Return exactly the lines from the start of the records below through the line containing "doc.units = ezdxf.units.CM", both ends included, and leave out the pictures.

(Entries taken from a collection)
......

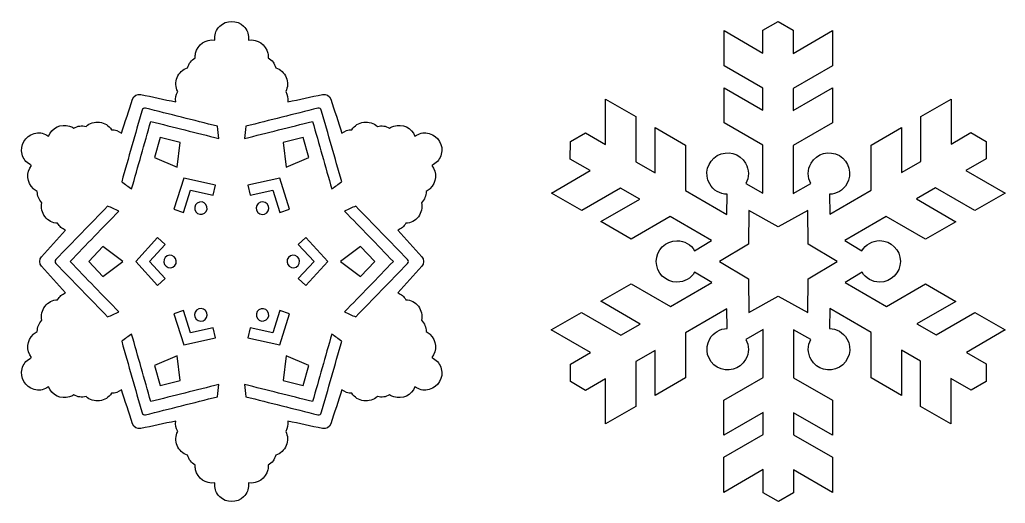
# Model space of a CAD drawing. Header units: centimetres. Extents: x 2 to 128, y -104 to 2.
# Drawn here: x 29.53 to 50.06, y -104.43 to -94.36 of the extents above; entities that cross this region are included whole.
import ezdxf

# ---------------------------------------------------------------- set-up
doc = ezdxf.new("R2010")
doc.units = ezdxf.units.CM
doc.header["$MEASUREMENT"] = 0
doc.layers.add('layer 1', color=7, linetype='Continuous')

msp = doc.modelspace()

# ---------------------------------------------------------------- linework, layer by layer
at = {"layer": 'layer 1', "color": 250}
for points, knots in [([(31.65467, -102.06388), (31.73114, -102.2995), (31.80758, -102.53512), (31.88405, -102.77074), (31.88405, -102.77074), (31.90752, -102.84313), (31.9819, -102.88606), (32.05629, -102.87019), (32.05629, -102.87019), (32.29859, -102.81861), (32.54084, -102.767), (32.78313, -102.7154), (32.78313, -102.7154), (32.77303, -102.79492), (32.78566, -102.86065), (32.82455, -102.93075), (32.82455, -102.93075), (32.7777, -103.02284), (32.77362, -103.13085), (32.81336, -103.22623), (32.81336, -103.22623), (32.85315, -103.3216), (32.93273, -103.39473), (33.03114, -103.42626), (33.03114, -103.42626), (33.05847, -103.51996), (33.10529, -103.5805), (33.18917, -103.63047), (33.18917, -103.63047), (33.1871, -103.66339), (33.18955, -103.69511), (33.19656, -103.72735), (33.19656, -103.72735), (33.23639, -103.9102), (33.41216, -104.03006), (33.59691, -104.00034), (33.59691, -104.00034), (33.59691, -104.0135), (33.59691, -104.02666), (33.59691, -104.03984), (33.59691, -104.03984), (33.59691, -104.14294), (33.62724, -104.2162), (33.70015, -104.28909), (33.70015, -104.28909), (33.83781, -104.42674), (34.06101, -104.42674), (34.19867, -104.28909), (34.19867, -104.28909), (34.27156, -104.2162), (34.30191, -104.14294), (34.30191, -104.03984), (34.30191, -104.03984), (34.30191, -104.02666), (34.30191, -104.0135), (34.30191, -104.00034), (34.30191, -104.00034), (34.48667, -104.03006), (34.6624, -103.9102), (34.70224, -103.72735), (34.70224, -103.72735), (34.70928, -103.69511), (34.71169, -103.66339), (34.70965, -103.63047), (34.70965, -103.63047), (34.7935, -103.5805), (34.84036, -103.51996), (34.86766, -103.42626), (34.86766, -103.42626), (34.96606, -103.39473), (35.04567, -103.3216), (35.08542, -103.22623), (35.08542, -103.22623), (35.1252, -103.13085), (35.1211, -103.02284), (35.07424, -102.93075), (35.07424, -102.93075), (35.11313, -102.86065), (35.12576, -102.79492), (35.11566, -102.7154), (35.11566, -102.7154), (35.35795, -102.767), (35.60024, -102.81861), (35.8425, -102.87019), (35.8425, -102.87019), (35.91693, -102.88606), (35.9913, -102.84313), (36.01478, -102.77074), (36.01478, -102.77074), (36.09121, -102.53512), (36.16769, -102.2995), (36.24412, -102.06388), (36.24412, -102.06388), (36.30796, -102.1124), (36.37118, -102.1343), (36.45133, -102.13569), (36.45133, -102.13569), (36.50766, -102.22232), (36.59917, -102.27986), (36.70164, -102.29311), (36.70164, -102.29311), (36.80412, -102.30636), (36.90725, -102.27399), (36.98375, -102.20453), (36.98375, -102.20453), (37.07856, -102.22776), (37.15441, -102.21744), (37.23959, -102.16979), (37.23959, -102.16979), (37.26711, -102.18804), (37.29577, -102.20178), (37.32721, -102.21182), (37.32721, -102.21182), (37.50548, -102.26874), (37.69715, -102.17646), (37.7638, -102.00162), (37.7638, -102.00162), (37.77522, -102.0082), (37.78662, -102.01478), (37.79802, -102.02135), (37.79802, -102.02135), (37.8873, -102.0729), (37.96591, -102.08325), (38.06548, -102.05656), (38.06548, -102.05656), (38.25354, -102.00619), (38.36513, -101.81288), (38.31475, -101.62486), (38.31475, -101.62486), (38.28807, -101.52526), (38.23979, -101.46237), (38.1505, -101.41082), (38.1505, -101.41082), (38.13911, -101.40425), (38.12772, -101.39767), (38.11632, -101.39106), (38.11632, -101.39106), (38.23438, -101.24594), (38.21848, -101.03378), (38.08006, -100.90787), (38.08006, -100.90787), (38.05566, -100.88566), (38.02941, -100.86773), (37.99985, -100.85302), (37.99985, -100.85302), (37.99852, -100.75543), (37.96952, -100.68458), (37.90204, -100.61407), (37.90204, -100.61407), (37.92391, -100.51307), (37.9004, -100.40757), (37.83767, -100.32545), (37.83767, -100.32545), (37.77494, -100.24333), (37.67936, -100.19286), (37.57618, -100.1874), (37.57618, -100.1874), (37.53492, -100.11868), (37.48432, -100.07488), (37.41039, -100.04385), (37.41039, -100.04385), (37.5762, -99.85983), (37.74205, -99.67582), (37.90788, -99.49178), (37.90788, -99.49178), (37.9588, -99.43526), (37.9588, -99.34941), (37.90788, -99.29289), (37.90788, -99.29289), (37.74205, -99.10888), (37.5762, -98.92484), (37.41039, -98.74082), (37.41039, -98.74082), (37.48432, -98.70981), (37.53492, -98.66602), (37.57618, -98.59727), (37.57618, -98.59727), (37.67936, -98.59181), (37.77494, -98.54134), (37.83767, -98.45922), (37.83767, -98.45922), (37.9004, -98.3771), (37.92391, -98.2716), (37.90204, -98.1706), (37.90204, -98.1706), (37.96952, -98.10009), (37.99852, -98.02928), (37.99985, -97.93168), (37.99985, -97.93168), (38.02941, -97.91698), (38.05566, -97.89903), (38.08006, -97.87679), (38.08006, -97.87679), (38.21848, -97.75088), (38.23438, -97.53877), (38.11632, -97.3936), (38.11632, -97.3936), (38.12772, -97.38703), (38.13911, -97.38045), (38.1505, -97.37387), (38.1505, -97.37387), (38.23979, -97.32232), (38.28807, -97.25941), (38.31475, -97.15981), (38.31475, -97.15981), (38.36513, -96.97179), (38.25354, -96.77848), (38.06548, -96.72811), (38.06548, -96.72811), (37.96591, -96.70142), (37.8873, -96.71177), (37.79802, -96.76331), (37.79802, -96.76331), (37.78662, -96.76989), (37.77522, -96.77647), (37.7638, -96.78305), (37.7638, -96.78305), (37.69715, -96.60821), (37.50548, -96.51593), (37.32721, -96.57285), (37.32721, -96.57285), (37.29577, -96.58288), (37.26711, -96.59663), (37.23959, -96.61488), (37.23959, -96.61488), (37.15441, -96.56723), (37.07856, -96.55694), (36.98375, -96.58014), (36.98375, -96.58014), (36.90725, -96.51068), (36.80412, -96.47831), (36.70164, -96.49156), (36.70164, -96.49156), (36.59917, -96.50481), (36.50766, -96.56235), (36.45133, -96.64898), (36.45133, -96.64898), (36.37118, -96.65037), (36.30796, -96.67227), (36.24412, -96.72079), (36.24412, -96.72079), (36.16769, -96.48516), (36.09121, -96.24955), (36.01478, -96.01393), (36.01478, -96.01393), (35.9913, -95.94157), (35.91693, -95.89863), (35.8425, -95.91448), (35.8425, -95.91448), (35.60024, -95.96609), (35.35795, -96.01767), (35.11566, -96.06927), (35.11566, -96.06927), (35.12576, -95.98974), (35.11313, -95.92402), (35.07424, -95.85391), (35.07424, -95.85391), (35.1211, -95.76182), (35.1252, -95.65382), (35.08542, -95.55844), (35.08542, -95.55844), (35.04567, -95.46307), (34.96606, -95.38994), (34.86766, -95.35841), (34.86766, -95.35841), (34.84036, -95.2647), (34.7935, -95.20417), (34.70965, -95.15423), (34.70965, -95.15423), (34.71169, -95.12127), (34.70928, -95.08955), (34.70224, -95.05731), (34.70224, -95.05731), (34.6624, -94.87447), (34.48667, -94.75464), (34.30191, -94.78433), (34.30191, -94.78433), (34.30191, -94.77117), (34.30191, -94.75801), (34.30191, -94.74485), (34.30191, -94.74485), (34.30191, -94.64176), (34.27156, -94.5685), (34.19867, -94.49558), (34.19867, -94.49558), (34.06101, -94.35793), (33.83781, -94.35793), (33.70015, -94.49558), (33.70015, -94.49558), (33.62724, -94.5685), (33.59691, -94.64176), (33.59691, -94.74485), (33.59691, -94.74485), (33.59691, -94.75801), (33.59691, -94.77117), (33.59691, -94.78433), (33.59691, -94.78433), (33.41216, -94.75464), (33.23639, -94.87447), (33.19656, -95.05731), (33.19656, -95.05731), (33.18955, -95.08955), (33.1871, -95.12127), (33.18917, -95.15423), (33.18917, -95.15423), (33.10529, -95.20417), (33.05847, -95.2647), (33.03114, -95.35841), (33.03114, -95.35841), (32.93273, -95.38994), (32.85315, -95.46307), (32.81336, -95.55844), (32.81336, -95.55844), (32.77362, -95.65382), (32.7777, -95.76182), (32.82455, -95.85391), (32.82455, -95.85391), (32.78566, -95.92402), (32.77303, -95.98974), (32.78313, -96.06927), (32.78313, -96.06927), (32.54084, -96.01767), (32.29859, -95.96609), (32.05629, -95.91448), (32.05629, -95.91448), (31.9819, -95.89863), (31.90752, -95.94157), (31.88405, -96.01393), (31.88405, -96.01393), (31.80758, -96.24955), (31.73114, -96.48516), (31.65467, -96.72079), (31.65467, -96.72079), (31.59087, -96.67227), (31.52764, -96.65037), (31.44746, -96.64898), (31.44746, -96.64898), (31.39114, -96.56235), (31.29965, -96.50481), (31.19718, -96.49156), (31.19718, -96.49156), (31.0947, -96.47831), (30.99155, -96.51068), (30.91505, -96.58014), (30.91505, -96.58014), (30.82023, -96.55694), (30.74438, -96.56723), (30.6592, -96.61488), (30.6592, -96.61488), (30.63168, -96.59663), (30.60302, -96.58288), (30.57158, -96.57285), (30.57158, -96.57285), (30.39331, -96.51593), (30.20164, -96.60821), (30.13499, -96.78305), (30.13499, -96.78305), (30.1236, -96.77647), (30.11221, -96.76989), (30.10081, -96.76331), (30.10081, -96.76331), (30.01152, -96.71177), (29.93292, -96.70142), (29.83332, -96.72811), (29.83332, -96.72811), (29.64529, -96.77848), (29.53367, -96.97179), (29.58408, -97.15981), (29.58408, -97.15981), (29.61076, -97.25941), (29.65904, -97.32232), (29.74832, -97.37387), (29.74832, -97.37387), (29.75971, -97.38045), (29.77111, -97.38703), (29.78251, -97.3936), (29.78251, -97.3936), (29.6644, -97.53877), (29.68031, -97.75088), (29.81874, -97.87679), (29.81874, -97.87679), (29.84316, -97.89903), (29.86942, -97.91698), (29.89898, -97.93168), (29.89898, -97.93168), (29.90031, -98.02928), (29.9293, -98.10009), (29.99678, -98.1706), (29.99678, -98.1706), (29.97489, -98.2716), (29.99842, -98.3771), (30.06115, -98.45922), (30.06115, -98.45922), (30.12385, -98.54134), (30.21943, -98.59181), (30.32262, -98.59727), (30.32262, -98.59727), (30.36391, -98.66602), (30.4145, -98.70981), (30.4884, -98.74082), (30.4884, -98.74082), (30.32259, -98.92484), (30.15677, -99.10888), (29.99092, -99.29289), (29.99092, -99.29289), (29.93999, -99.34941), (29.93999, -99.43526), (29.99092, -99.49178), (29.99092, -99.49178), (30.15677, -99.67582), (30.32259, -99.85983), (30.4884, -100.04385), (30.4884, -100.04385), (30.4145, -100.07488), (30.36391, -100.11868), (30.32262, -100.1874), (30.32262, -100.1874), (30.21943, -100.19286), (30.12385, -100.24333), (30.06115, -100.32545), (30.06115, -100.32545), (29.99842, -100.40757), (29.97489, -100.51307), (29.99678, -100.61407), (29.99678, -100.61407), (29.9293, -100.68458), (29.90031, -100.75543), (29.89898, -100.85302), (29.89898, -100.85302), (29.86942, -100.86773), (29.84316, -100.88566), (29.81874, -100.90787), (29.81874, -100.90787), (29.68031, -101.03378), (29.6644, -101.24594), (29.78251, -101.39106), (29.78251, -101.39106), (29.77111, -101.39767), (29.75971, -101.40425), (29.74832, -101.41082), (29.74832, -101.41082), (29.65904, -101.46237), (29.61076, -101.52526), (29.58408, -101.62486), (29.58408, -101.62486), (29.53367, -101.81288), (29.64529, -102.00619), (29.83332, -102.05656), (29.83332, -102.05656), (29.93292, -102.08325), (30.01152, -102.0729), (30.10081, -102.02135), (30.10081, -102.02135), (30.11221, -102.01478), (30.1236, -102.0082), (30.13499, -102.00162), (30.13499, -102.00162), (30.20164, -102.17646), (30.39331, -102.26874), (30.57158, -102.21182), (30.57158, -102.21182), (30.60302, -102.20178), (30.63168, -102.18804), (30.6592, -102.16979), (30.6592, -102.16979), (30.74438, -102.21744), (30.82023, -102.22776), (30.91505, -102.20453), (30.91505, -102.20453), (30.99155, -102.27399), (31.0947, -102.30636), (31.19718, -102.29311), (31.19718, -102.29311), (31.29965, -102.27986), (31.39114, -102.22232), (31.44746, -102.13569), (31.44746, -102.13569), (31.52764, -102.1343), (31.59087, -102.1124), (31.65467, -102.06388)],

......

▶ Solution below
# Model space of a CAD drawing. Header units: centimetres. Extents: x 2 to 128, y -104 to 2.
# Drawn here: x 29.53 to 50.06, y -104.43 to -94.36 of the extents above; entities that cross this region are included whole.
import ezdxf

# ---------------------------------------------------------------- set-up
doc = ezdxf.new("R2010")
doc.units = ezdxf.units.CM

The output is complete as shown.